Vincent Ladeuil (vila) wrote on 2014-04-02:

#

Download full text (3.4 KiB)

Thanks for the thoughtful review, I have some answers below and will
incorporate them in the proposal asap.

> To perform different workflows, can I assume that the ticket worker is created
> with that knowledge as an input from the ticket system? For example, ticket 9
> needs to perform task A/B/C and ticket 10 needs to do just A/B. Also, does
> this convey what tasks can be retried and which ones fail the ticket?

A ticket is associated with a single workflow. The workflow defines which
tasks should be done, their order and how/if they are retried. I first
thought that a task could only be retried, but I think we may want to allow
the case where a previous task is retried instead. For example, the test run
fails but we re-try the image building. I think we still want to keep the
workflow as an ordered list though.

> You mention "the task send an outgoing message listing the outputs to
> another queue." What (or who's) queue is this sent to?
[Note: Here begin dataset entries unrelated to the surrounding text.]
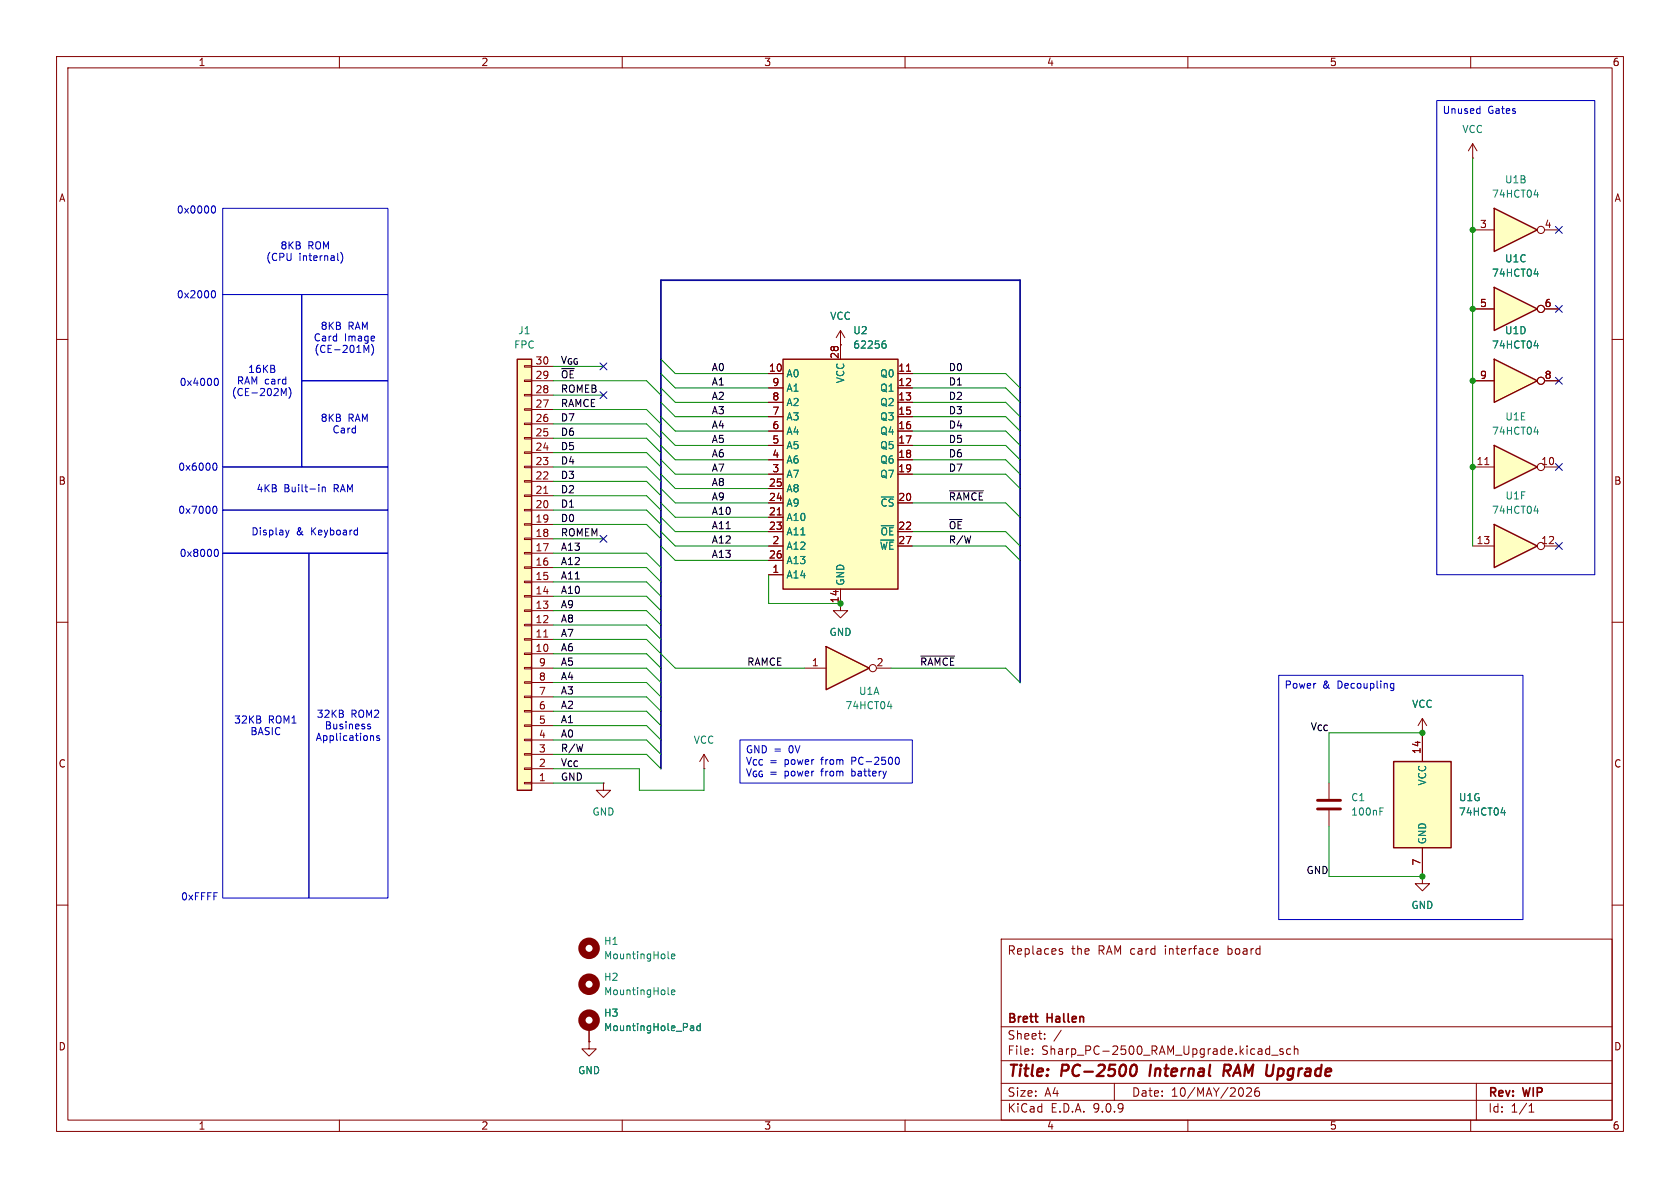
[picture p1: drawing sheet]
<svg xmlns="http://www.w3.org/2000/svg" width="297mm" height="210mm" viewBox="0 0 297 210" stroke-linecap="round" stroke-linejoin="round" font-family="sans-serif">
<g fill="none" stroke="#840000" stroke-width=".18">
<path d="M10 10h277v190h-277zM12 12h273v186h-273zM60 10v2M110 10v2M160 10v2M210 10v2M260 10v2M10 60h2M285 60h2M10 110h2M285 110h2M10 160h2"/>
<path d="M177 166h108v32h-108zM187.3 168.1l.5 .2 .1 .2-.2 .2-.5-.1M187.3 167.8h.5M214.8 167.7l.4 .1 .1 .3-.7 .1M215.2 168.6l-.4 .1M285 160h2M60 198v2M110 198v2M160 198v2M177 194.5h108M177 191.5h108M177 187.5h108"/>
<path d="M177 181.5h108M182.5 186.3v.1M182.5 185.5v.1M184.7 183.6v.1M184.7 182.8v.1M187.6 182.1l-1.3 2M197 191.5v3M210 198v2M221.2 192.4v.5l-.9 .9h.9M222 192.4a1.17 1.17 0 0 0 0 1.3h.5l.2-.5-.3-.3h-.4l-.2 .3M224.8 186.5h1.2M226.8 185.5l-.3-.1-.3 .2 .1 .2 .5 .2v.3h-.6"/>
<path d="M228.2 185.5l-.5-.1-.2 .3v.4l.1 .2h.6M228.8 185.5l.2-.1 .4 .1 .1 .9M228.8 184.9v1.5M260 198v2M261 191.5v6.5M270.3 196.6h.9M270.3 195.5l.4-.4v1.5"/>
</g>
<path d="M200.1 188.4a.46 .46 0 0 1 .5-.2 .46 .46 0 0 1 .3 .4 1.15 1.15 0 0 1-.7 1.6l-.2-.1a1.54 1.54 0 0 1 .1-1.7zM203.5 188.2l-.3 2M216.8 189.3l.6 .9M217.3 188.2h-.8l-.2 2M217.3 189.2l-.9 .1" fill="none" stroke="#840000" stroke-width=".4"/>
<path d="M138.4 63.5h20.3v40.6h-20.3z" fill="#ffffc2"/>
<path d="M138.4 63.5h20.3v40.6h-20.3z" fill="none" stroke="#840000" stroke-width=".25"/>
<g fill="none" stroke="#840000" stroke-width=".18">
<path d="M135.9 66h2.5M135.9 68.6h2.5M135.9 71.1h2.5M135.9 73.7h2.5M135.9 76.2h2.5M135.9 78.7h2.5M148.6 61v2.5M158.7 66h2.6M158.7 68.6h2.6M158.7 71.1h2.6M158.7 73.7h2.6M158.7 76.2h2.6"/>
<path d="M158.7 78.7h2.6M160.3 65.6h.7M135.9 81.3h2.5M135.9 83.8h2.5M135.9 86.4h2.5M135.9 88.9h2.5M135.9 91.4h2.5M135.9 94h2.5M135.9 96.5h2.5M135.9 99.1h2.5M137.4 91h.7M158.7 81.3h2.6"/>
<path d="M158.7 83.8h2.6M158.7 88.9h2.6M158.7 94h2.6M158.7 96.5h2.6M135.9 101.6h2.5M148.6 104.1v2.6"/>
</g>
<path d="M156.2 60.8h.2l.3 .2-.1 .4-.4 .1M156.5 60.3h-.3" fill="none" stroke="#008484" stroke-width=".18"/>
<path d="M146 114.3l7.7 3.8-7.7 3.8z" fill="#ffffc2"/>
<path d="M146 114.3l7.7 3.8-7.7 3.8z" fill="none" stroke="#840000" stroke-width=".25"/>
<g fill="none" stroke="#840000" stroke-width=".18">
<path d="M142.2 118.1h3.8M154.9 118.1h2.6M124.5 135.9h.1M124.5 133.4l-.8 1.2M124.5 133.4l.7 1.2M124.5 133.4v2.5"/>
<circle cx="154.3" cy="118.1" r=".63"/>
</g>
<path d="M156.9 124.9h.8M157.5 124.4v.9" fill="none" stroke="#008484" stroke-width=".18"/>
<path d="M91.4 63.5h2.6v76.2h-2.6z" fill="#ffffc2"/>
<path d="M91.4 63.5h2.6v76.2h-2.6z" fill="none" stroke="#840000" stroke-width=".25"/>
<g fill="none" stroke="#840000" stroke-width=".18">
<path d="M92.7 79.9h1.3v.2h-1.3zM92.7 77.3h1.3v.3h-1.3zM92.7 74.8h1.3v.3h-1.3zM92.7 72.3h1.3v.2h-1.3zM92.7 69.7h1.3v.3h-1.3zM92.7 67.2h1.3v.2h-1.3zM92.7 64.6h1.3v.3h-1.3zM94 77.5h3.8M94 74.9h3.8M94 72.4h3.8M94 69.9h3.8M94 67.3h3.8"/>
<path d="M94 64.8h3.8M92.7 97.7h1.3v.2h-1.3zM92.7 95.1h1.3v.3h-1.3zM92.7 92.6h1.3v.2h-1.3zM92.7 90h1.3v.3h-1.3zM92.7 87.5h1.3v.3h-1.3zM92.7 85h1.3v.2h-1.3zM92.7 82.4h1.3v.3h-1.3zM94 97.8h3.8M94 95.3h3.8M94 92.7h3.8M94 90.2h3.8"/>
<path d="M94 87.6h3.8M94 85.1h3.8M94 82.6h3.8M94 80h3.8M96.1 87.2h.8M92.7 118h1.3v.2h-1.3zM92.7 115.4h1.3v.3h-1.3zM92.7 112.9h1.3v.3h-1.3zM92.7 110.4h1.3v.2h-1.3zM92.7 107.8h1.3v.3h-1.3zM92.7 105.3h1.3v.2h-1.3zM92.7 102.7h1.3v.3h-1.3z"/>
<path d="M92.7 100.2h1.3v.3h-1.3zM94 118.1h3.8M94 115.6h3.8M94 113h3.8M94 110.5h3.8M94 108h3.8M94 105.4h3.8M94 102.9h3.8M94 100.3h3.8M96.1 112.6h.8M92.7 138.3h1.3v.3h-1.3zM92.7 135.8h1.3v.2h-1.3z"/>
<path d="M92.7 133.2h1.3v.3h-1.3zM92.7 130.7h1.3v.2h-1.3zM92.7 128.1h1.3v.3h-1.3zM92.7 125.6h1.3v.3h-1.3zM92.7 123.1h1.3v.2h-1.3zM92.7 120.5h1.3v.3h-1.3zM94 138.4h3.8M94 135.9h3.8M94 133.4h3.8M94 130.8h3.8M94 128.3h3.8M94 125.7h3.8"/>
<path d="M94 123.2h3.8M94 120.7h3.8"/>
</g>
<path d="M246.4 134.6h10.1v15.3h-10.1z" fill="#ffffc2"/>
<path d="M246.4 134.6h10.1v15.3h-10.1z" fill="none" stroke="#840000" stroke-width=".25"/>
<path d="M234.9 138.4v2.8M251.5 129.5h.1M251.5 127v7.6M251.5 127l-.8 1.3M251.5 127l.7 1.3M234.9 143.3v2.8M251.5 154.9v1.3h1.2l-1.2 1.3-1.3-1.3h1.3M251.5 154.9h.1M251.5 149.9v5" fill="none" stroke="#840000" stroke-width=".18"/>
<path d="M244 143.4h.4M244 142.8h.6M265.4 143.7h.7M266 143.2v.9" fill="none" stroke="#008484" stroke-width=".18"/>
<path d="M232.9 141.5h4.1M232.9 143h4.1" fill="none" stroke="#840000" stroke-width=".51"/>
<path d="M264.2 92.7l7.6 3.8-7.6 3.8z" fill="#ffffc2"/>
<path d="M264.2 92.7l7.6 3.8-7.6 3.8z" fill="none" stroke="#840000" stroke-width=".25"/>
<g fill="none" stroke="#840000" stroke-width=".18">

Right, each worker has two queues:
- the incoming queue is shared across workers,
- the ouput queue is unique.

Just like we do today (and just like Evan did).

Or may be we don't need to make the output queue unique ? I.e. the ticket id
can be either part of the queue name or part of the message.

> Is it a queue owned by this ticket worker?

If it's unique, yes. Or rather, it's a queue between the ticket worker and
the task worker.

> Or is the imagebuilder send a message to the test-runner's queue?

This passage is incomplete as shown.